What is expected – Which lines of the listing hold the string "AffineConversion"? Show each of them.

Supplied data –
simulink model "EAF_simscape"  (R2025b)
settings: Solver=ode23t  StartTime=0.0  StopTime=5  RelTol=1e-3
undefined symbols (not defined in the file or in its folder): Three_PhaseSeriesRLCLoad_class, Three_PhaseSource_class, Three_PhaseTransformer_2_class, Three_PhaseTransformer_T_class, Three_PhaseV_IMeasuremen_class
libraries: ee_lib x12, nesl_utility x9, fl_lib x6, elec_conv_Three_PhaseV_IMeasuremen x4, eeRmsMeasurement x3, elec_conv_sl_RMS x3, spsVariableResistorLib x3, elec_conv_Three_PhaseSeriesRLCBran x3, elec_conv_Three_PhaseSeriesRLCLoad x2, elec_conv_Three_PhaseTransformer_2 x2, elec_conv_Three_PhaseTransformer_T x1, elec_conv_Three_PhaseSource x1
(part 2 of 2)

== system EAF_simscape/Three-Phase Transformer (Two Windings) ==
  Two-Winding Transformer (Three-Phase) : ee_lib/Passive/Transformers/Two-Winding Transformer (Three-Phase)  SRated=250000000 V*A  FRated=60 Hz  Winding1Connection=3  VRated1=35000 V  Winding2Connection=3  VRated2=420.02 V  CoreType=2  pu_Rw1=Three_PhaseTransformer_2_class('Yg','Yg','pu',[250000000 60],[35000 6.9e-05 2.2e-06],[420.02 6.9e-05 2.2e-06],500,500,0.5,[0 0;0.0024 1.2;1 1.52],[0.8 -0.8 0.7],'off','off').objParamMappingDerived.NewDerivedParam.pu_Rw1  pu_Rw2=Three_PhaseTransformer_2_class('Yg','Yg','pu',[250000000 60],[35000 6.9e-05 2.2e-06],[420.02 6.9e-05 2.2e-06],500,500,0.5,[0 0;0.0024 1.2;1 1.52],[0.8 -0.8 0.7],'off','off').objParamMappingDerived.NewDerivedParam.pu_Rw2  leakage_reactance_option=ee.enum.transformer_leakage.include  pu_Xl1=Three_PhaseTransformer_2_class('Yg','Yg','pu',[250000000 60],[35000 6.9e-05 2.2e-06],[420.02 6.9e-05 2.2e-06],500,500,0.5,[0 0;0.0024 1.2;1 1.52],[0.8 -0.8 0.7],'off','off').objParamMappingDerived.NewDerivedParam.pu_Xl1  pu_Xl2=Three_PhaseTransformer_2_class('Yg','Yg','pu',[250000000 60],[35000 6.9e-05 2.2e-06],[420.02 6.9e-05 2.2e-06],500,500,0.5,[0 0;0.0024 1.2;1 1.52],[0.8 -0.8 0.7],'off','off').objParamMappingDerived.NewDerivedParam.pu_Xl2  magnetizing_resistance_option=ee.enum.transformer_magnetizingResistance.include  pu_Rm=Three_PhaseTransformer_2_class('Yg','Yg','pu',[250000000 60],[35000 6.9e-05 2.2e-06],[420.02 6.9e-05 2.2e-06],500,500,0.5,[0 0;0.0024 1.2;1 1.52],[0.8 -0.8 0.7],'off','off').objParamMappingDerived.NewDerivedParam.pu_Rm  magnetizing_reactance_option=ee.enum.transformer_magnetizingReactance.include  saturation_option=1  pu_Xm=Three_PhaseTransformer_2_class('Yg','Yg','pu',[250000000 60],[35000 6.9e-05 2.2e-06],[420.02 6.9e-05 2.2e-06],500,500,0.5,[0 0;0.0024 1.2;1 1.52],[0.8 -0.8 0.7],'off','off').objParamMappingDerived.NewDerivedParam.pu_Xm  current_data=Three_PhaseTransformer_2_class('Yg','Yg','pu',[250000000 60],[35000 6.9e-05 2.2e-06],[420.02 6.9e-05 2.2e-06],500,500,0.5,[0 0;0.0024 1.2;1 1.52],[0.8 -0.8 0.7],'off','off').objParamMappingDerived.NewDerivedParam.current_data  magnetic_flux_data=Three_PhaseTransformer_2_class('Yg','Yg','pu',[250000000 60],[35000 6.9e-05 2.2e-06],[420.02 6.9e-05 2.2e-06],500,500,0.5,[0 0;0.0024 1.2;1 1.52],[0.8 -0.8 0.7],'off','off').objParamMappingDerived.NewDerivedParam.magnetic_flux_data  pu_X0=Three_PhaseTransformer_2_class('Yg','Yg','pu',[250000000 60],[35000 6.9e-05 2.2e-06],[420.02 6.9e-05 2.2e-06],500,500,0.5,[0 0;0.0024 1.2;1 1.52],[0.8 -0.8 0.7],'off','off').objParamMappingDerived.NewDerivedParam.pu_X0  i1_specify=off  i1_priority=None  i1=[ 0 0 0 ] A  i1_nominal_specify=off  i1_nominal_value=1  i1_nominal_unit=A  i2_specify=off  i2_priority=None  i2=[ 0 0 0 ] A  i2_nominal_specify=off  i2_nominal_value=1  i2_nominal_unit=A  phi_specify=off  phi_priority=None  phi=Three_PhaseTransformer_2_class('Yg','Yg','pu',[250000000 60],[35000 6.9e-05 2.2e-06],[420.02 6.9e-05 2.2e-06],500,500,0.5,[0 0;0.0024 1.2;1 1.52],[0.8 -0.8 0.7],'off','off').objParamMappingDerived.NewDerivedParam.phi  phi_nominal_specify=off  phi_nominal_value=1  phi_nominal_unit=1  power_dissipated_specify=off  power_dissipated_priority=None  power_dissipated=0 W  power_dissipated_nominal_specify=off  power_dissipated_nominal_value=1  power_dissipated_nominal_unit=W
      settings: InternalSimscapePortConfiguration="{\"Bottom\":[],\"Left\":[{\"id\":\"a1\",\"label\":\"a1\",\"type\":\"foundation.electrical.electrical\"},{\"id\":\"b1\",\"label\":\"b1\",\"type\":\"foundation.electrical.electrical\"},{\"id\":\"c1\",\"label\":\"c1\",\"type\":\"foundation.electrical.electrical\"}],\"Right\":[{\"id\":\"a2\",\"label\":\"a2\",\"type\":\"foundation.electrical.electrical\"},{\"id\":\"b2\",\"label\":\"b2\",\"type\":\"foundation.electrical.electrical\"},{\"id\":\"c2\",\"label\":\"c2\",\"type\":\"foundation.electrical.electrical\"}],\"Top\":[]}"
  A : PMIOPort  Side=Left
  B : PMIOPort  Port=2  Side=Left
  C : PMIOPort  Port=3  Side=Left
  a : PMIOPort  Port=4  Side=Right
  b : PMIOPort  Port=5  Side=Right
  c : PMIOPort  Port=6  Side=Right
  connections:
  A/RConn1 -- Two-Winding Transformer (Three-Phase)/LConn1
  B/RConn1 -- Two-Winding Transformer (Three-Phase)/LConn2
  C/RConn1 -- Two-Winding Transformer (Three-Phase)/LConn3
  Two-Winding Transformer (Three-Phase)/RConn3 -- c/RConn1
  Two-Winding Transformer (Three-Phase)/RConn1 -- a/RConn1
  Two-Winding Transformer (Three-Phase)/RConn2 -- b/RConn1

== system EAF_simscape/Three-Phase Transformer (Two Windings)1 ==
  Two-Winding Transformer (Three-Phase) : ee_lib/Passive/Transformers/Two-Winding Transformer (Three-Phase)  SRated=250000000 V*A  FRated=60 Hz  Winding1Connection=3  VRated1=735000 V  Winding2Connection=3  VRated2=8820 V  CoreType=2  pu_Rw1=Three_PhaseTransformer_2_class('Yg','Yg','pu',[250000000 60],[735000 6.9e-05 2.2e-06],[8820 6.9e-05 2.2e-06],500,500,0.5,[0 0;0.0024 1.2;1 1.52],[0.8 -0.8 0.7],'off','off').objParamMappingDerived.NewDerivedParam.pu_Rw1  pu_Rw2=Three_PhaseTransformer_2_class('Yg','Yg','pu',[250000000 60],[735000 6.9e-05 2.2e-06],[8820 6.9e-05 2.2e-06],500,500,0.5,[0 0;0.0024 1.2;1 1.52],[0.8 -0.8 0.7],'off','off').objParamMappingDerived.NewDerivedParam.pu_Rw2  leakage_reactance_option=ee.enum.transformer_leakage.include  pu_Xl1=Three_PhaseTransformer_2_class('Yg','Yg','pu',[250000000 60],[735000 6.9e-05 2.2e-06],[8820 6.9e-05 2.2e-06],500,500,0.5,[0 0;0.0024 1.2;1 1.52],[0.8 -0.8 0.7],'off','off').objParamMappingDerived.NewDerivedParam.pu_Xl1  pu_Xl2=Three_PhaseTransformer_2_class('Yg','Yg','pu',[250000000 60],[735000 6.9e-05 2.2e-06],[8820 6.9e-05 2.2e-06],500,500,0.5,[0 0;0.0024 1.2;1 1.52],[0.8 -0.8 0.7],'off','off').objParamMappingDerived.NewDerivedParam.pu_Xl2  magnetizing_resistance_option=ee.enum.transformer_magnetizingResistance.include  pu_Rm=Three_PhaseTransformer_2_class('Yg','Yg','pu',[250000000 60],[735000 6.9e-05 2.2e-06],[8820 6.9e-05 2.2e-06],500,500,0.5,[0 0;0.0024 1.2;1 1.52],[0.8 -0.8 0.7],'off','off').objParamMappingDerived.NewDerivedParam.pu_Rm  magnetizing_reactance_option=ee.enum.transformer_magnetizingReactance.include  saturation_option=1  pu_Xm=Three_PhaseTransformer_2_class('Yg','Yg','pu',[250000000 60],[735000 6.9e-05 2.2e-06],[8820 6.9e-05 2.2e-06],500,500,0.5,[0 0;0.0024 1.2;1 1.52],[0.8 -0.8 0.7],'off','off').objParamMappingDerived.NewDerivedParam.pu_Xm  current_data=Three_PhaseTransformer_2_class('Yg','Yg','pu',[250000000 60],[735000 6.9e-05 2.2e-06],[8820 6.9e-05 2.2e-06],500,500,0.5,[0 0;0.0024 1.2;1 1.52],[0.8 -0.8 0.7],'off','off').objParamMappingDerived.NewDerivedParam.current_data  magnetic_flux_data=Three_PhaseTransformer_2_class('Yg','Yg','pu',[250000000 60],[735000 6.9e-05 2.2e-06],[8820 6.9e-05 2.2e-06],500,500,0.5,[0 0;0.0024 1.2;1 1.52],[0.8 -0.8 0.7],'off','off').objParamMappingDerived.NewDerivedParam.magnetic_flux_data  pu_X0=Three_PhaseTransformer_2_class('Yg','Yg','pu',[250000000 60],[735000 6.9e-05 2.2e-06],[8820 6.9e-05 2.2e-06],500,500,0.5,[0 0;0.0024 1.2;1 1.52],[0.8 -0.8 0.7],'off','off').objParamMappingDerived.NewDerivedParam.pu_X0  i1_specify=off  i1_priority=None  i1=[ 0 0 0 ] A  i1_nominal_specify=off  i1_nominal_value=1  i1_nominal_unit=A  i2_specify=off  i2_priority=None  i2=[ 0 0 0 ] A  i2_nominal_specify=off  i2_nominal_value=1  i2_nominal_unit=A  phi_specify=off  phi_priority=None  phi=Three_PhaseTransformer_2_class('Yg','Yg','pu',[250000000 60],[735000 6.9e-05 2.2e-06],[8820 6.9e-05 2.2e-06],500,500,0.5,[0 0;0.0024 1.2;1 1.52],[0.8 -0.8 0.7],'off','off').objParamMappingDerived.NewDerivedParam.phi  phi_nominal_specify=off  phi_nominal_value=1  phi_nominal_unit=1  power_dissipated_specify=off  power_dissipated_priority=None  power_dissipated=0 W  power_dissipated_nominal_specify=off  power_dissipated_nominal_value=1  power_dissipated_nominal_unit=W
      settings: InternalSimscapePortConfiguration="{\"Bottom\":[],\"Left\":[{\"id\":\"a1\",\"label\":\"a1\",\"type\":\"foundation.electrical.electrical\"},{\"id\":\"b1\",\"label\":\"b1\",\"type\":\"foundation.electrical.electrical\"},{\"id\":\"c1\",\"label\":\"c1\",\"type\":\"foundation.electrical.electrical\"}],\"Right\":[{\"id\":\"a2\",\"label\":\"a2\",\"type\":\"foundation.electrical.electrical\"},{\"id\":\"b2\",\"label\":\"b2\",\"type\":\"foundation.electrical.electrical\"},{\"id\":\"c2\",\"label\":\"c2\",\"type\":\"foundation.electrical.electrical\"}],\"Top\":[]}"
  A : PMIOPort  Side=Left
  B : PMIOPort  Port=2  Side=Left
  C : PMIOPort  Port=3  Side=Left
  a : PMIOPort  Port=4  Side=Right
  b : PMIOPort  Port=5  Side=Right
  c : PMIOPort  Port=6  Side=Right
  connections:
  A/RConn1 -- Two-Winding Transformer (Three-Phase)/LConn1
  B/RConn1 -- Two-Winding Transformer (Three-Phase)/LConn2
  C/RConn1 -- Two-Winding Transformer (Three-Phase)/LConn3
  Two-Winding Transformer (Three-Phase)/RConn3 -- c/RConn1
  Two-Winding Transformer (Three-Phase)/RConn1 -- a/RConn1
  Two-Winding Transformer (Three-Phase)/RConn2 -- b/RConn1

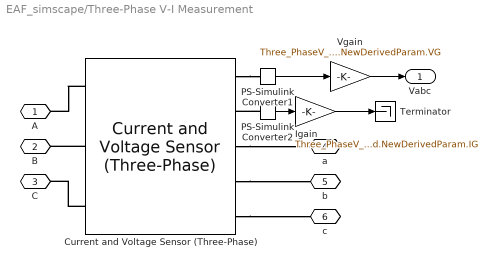
== system EAF_simscape/Three-Phase V-I Measurement ==
  Current and Voltage Sensor (Three-Phase) : ee_lib/Sensors & Transducers/Current and Voltage Sensor (Three-Phase)  vMeasurementType=1  outputUnit=2  SRated=100000000 V*A  VRated=500000 V  I_specify=off  I_priority=None  I=[ 0 0 0 ] A  I_nominal_specify=off  I_nominal_value=1  I_nominal_unit=A  V_specify=off  V_priority=None  V=[ 0 0 0 ] V  V_nominal_specify=off  V_nominal_value=1  V_nominal_unit=V
      settings: InternalSimscapePortConfiguration="{\"Bottom\":[],\"Left\":[{\"id\":\"a1\",\"label\":\"a1\",\"type\":\"foundation.electrical.electrical\"},{\"id\":\"b1\",\"label\":\"b1\",\"type\":\"foundation.electrical.electrical\"},{\"id\":\"c1\",\"label\":\"c1\",\"type\":\"foundation.electrical.electrical\"}],\"Right\":[{\"id\":\"V_output\",\"label\":\"V\",\"type\":\"output\"},{\"id\":\"I_output\",\"label\":\"I\",\"type\":\"output\"},{\"id\":\"a2\",\"label\":\"a2\",\"type\":\"foundation.electrical.electrical\"},{\"id\":\"b2\",\"label\":\"b2\",\"type\":\"foundation.electrical.electrical\"},{\"id\":\"c2\",\"label\":\"c2\",\"type\":\"foundation.electrical.electrical\"}],\"Top\":[]}"
  Igain : Gain  Gain=Three_PhaseV_IMeasuremen_class('phase-to-phase','no','off','off','off',100000000,500000).objParamMappingDerived.NewDerivedParam.IG
  PS-Simulink Converter1 : nesl_utility/PS-Simulink Converter  PhysicalDomain=network_engine_domain  SubClassName=ps_output  LeftPortType=input  RightPortType=output  PseudoPeriodic=off  Frequencies=[]  VectorFormat=1-D array  Unit=1  AffineConversion=off
  PS-Simulink Converter2 : nesl_utility/PS-Simulink Converter  PhysicalDomain=network_engine_domain  SubClassName=ps_output  LeftPortType=input  RightPortType=output  PseudoPeriodic=off  Frequencies=[]  VectorFormat=1-D array  Unit=1  AffineConversion=off
  Terminator : Terminator
  Vgain : Gain  Gain=Three_PhaseV_IMeasuremen_class('phase-to-phase','no','off','off','off',100000000,500000).objParamMappingDerived.NewDerivedParam.VG
  A : PMIOPort  Side=Left
  B : PMIOPort  Port=2  Side=Left
  C : PMIOPort  Port=3  Side=Left
  a : PMIOPort  Port=4  Side=Right
  b : PMIOPort  Port=5  Side=Right
  c : PMIOPort  Port=6  Side=Right
  Vabc : Outport  VectorParamsAs1DForOutWhenUnconnected=off
  wires:
  Igain/1 -> Terminator/1
  PS-Simulink Converter2/1 -> Igain/1
  Vgain/1 -> Vabc/1
  PS-Simulink Converter1/1 -> Vgain/1
  connections:
  PS-Simulink Converter2/LConn1 -- Current and Voltage Sensor (Three-Phase)/RConn2
  Current and Voltage Sensor (Three-Phase)/RConn1 -- PS-Simulink Converter1/LConn1
  Current and Voltage Sensor (Three-Phase)/LConn2 -- B/RConn1
  Current and Voltage Sensor (Three-Phase)/LConn1 -- A/RConn1
  Current and Voltage Sensor (Three-Phase)/LConn3 -- C/RConn1
  Current and Voltage Sensor (Three-Phase)/RConn3 -- a/RConn1
  Current and Voltage Sensor (Three-Phase)/RConn4 -- b/RConn1
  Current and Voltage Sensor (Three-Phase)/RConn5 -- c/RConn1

Completed exercise –
  PS-Simulink Converter1 : nesl_utility/PS-Simulink Converter  PhysicalDomain=network_engine_domain  SubClassName=ps_output  LeftPortType=input  RightPortType=output  PseudoPeriodic=off  Frequencies=[]  VectorFormat=1-D array  Unit=1  AffineConversion=off
  PS-Simulink Converter2 : nesl_utility/PS-Simulink Converter  PhysicalDomain=network_engine_domain  SubClassName=ps_output  LeftPortType=input  RightPortType=output  PseudoPeriodic=off  Frequencies=[]  VectorFormat=1-D array  Unit=1  AffineConversion=off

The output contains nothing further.